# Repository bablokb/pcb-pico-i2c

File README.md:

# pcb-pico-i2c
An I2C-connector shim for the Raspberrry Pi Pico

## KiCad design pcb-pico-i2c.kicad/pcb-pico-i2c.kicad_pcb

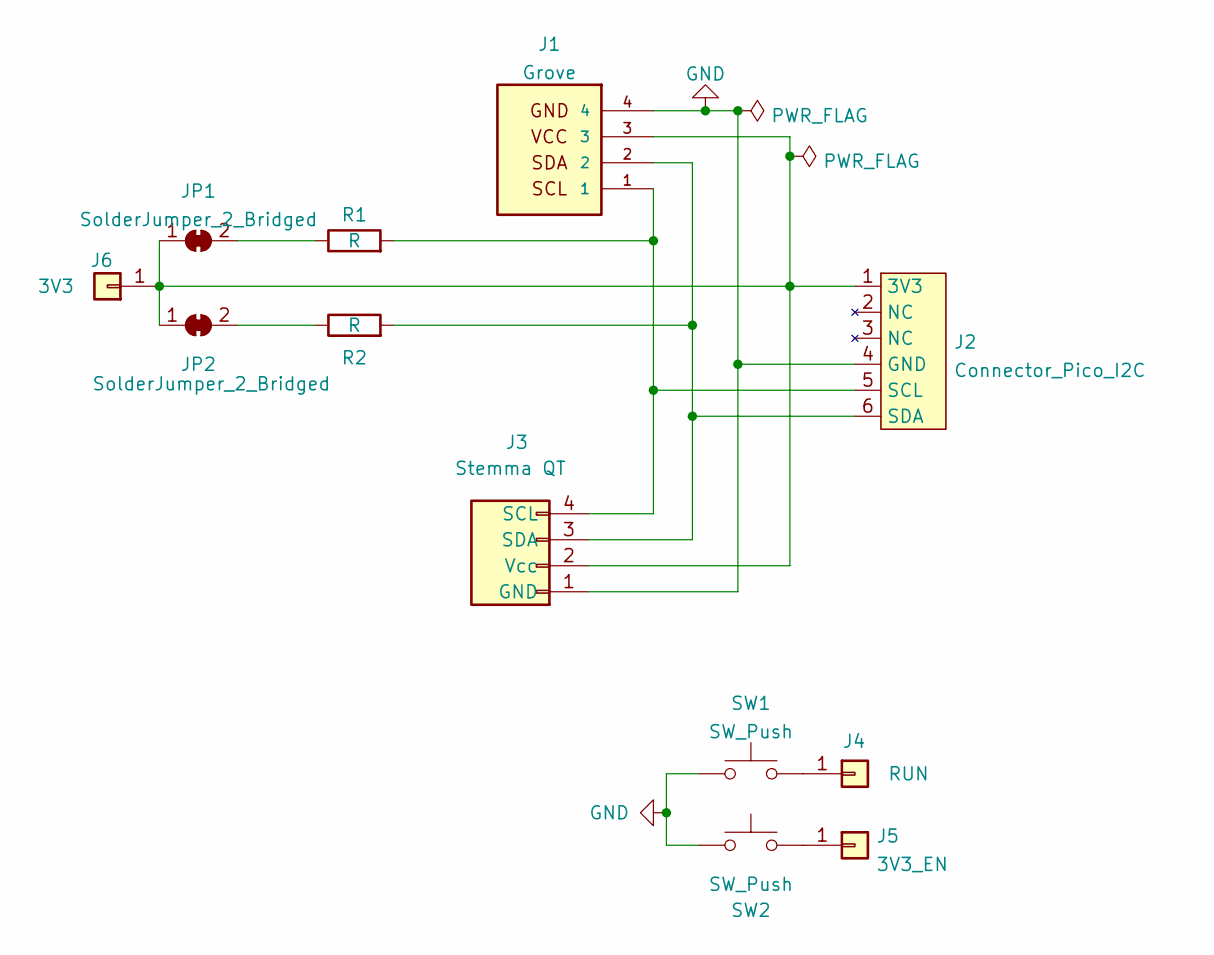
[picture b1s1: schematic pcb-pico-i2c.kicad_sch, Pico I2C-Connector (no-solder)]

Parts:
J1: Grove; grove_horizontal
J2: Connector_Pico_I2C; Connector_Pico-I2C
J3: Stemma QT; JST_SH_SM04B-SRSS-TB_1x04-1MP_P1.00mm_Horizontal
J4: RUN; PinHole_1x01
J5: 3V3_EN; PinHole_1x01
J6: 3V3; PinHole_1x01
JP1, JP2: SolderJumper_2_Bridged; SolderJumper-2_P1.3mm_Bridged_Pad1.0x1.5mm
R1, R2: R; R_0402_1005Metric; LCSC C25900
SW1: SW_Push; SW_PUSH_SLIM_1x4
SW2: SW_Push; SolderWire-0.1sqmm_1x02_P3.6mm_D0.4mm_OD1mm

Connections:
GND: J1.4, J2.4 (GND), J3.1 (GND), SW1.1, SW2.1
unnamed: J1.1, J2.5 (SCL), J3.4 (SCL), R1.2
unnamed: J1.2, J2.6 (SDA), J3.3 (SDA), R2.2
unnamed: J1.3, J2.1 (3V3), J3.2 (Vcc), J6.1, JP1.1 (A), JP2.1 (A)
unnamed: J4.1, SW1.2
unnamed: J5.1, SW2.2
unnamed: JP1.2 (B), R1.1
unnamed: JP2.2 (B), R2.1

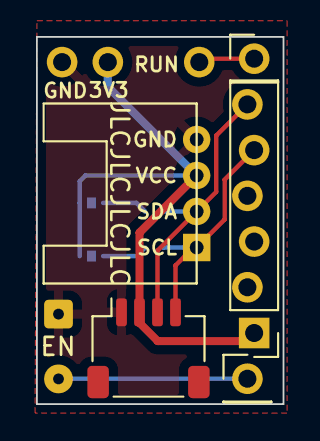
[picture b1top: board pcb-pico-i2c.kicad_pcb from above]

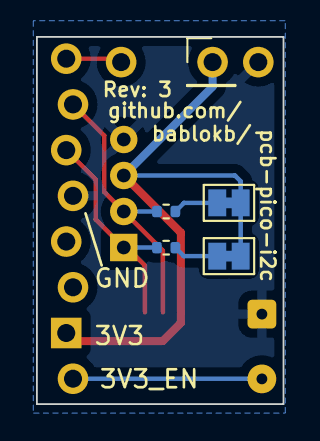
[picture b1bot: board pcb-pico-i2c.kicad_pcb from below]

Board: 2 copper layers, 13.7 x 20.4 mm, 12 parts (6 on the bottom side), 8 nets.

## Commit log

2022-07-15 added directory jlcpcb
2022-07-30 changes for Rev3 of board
※
Exercise instructions: Each line from the one with "[picture b1top: board" through the end of the entries should be reproduced exactly. Leave out the pictures.

Answer for this exercise:
[picture b1top: board pcb-pico-i2c.kicad_pcb from above]

[picture b1bot: board pcb-pico-i2c.kicad_pcb from below]

Board: 2 copper layers, 13.7 x 20.4 mm, 12 parts (6 on the bottom side), 8 nets.

## Commit log

2022-07-15 added directory jlcpcb
2022-07-30 changes for Rev3 of board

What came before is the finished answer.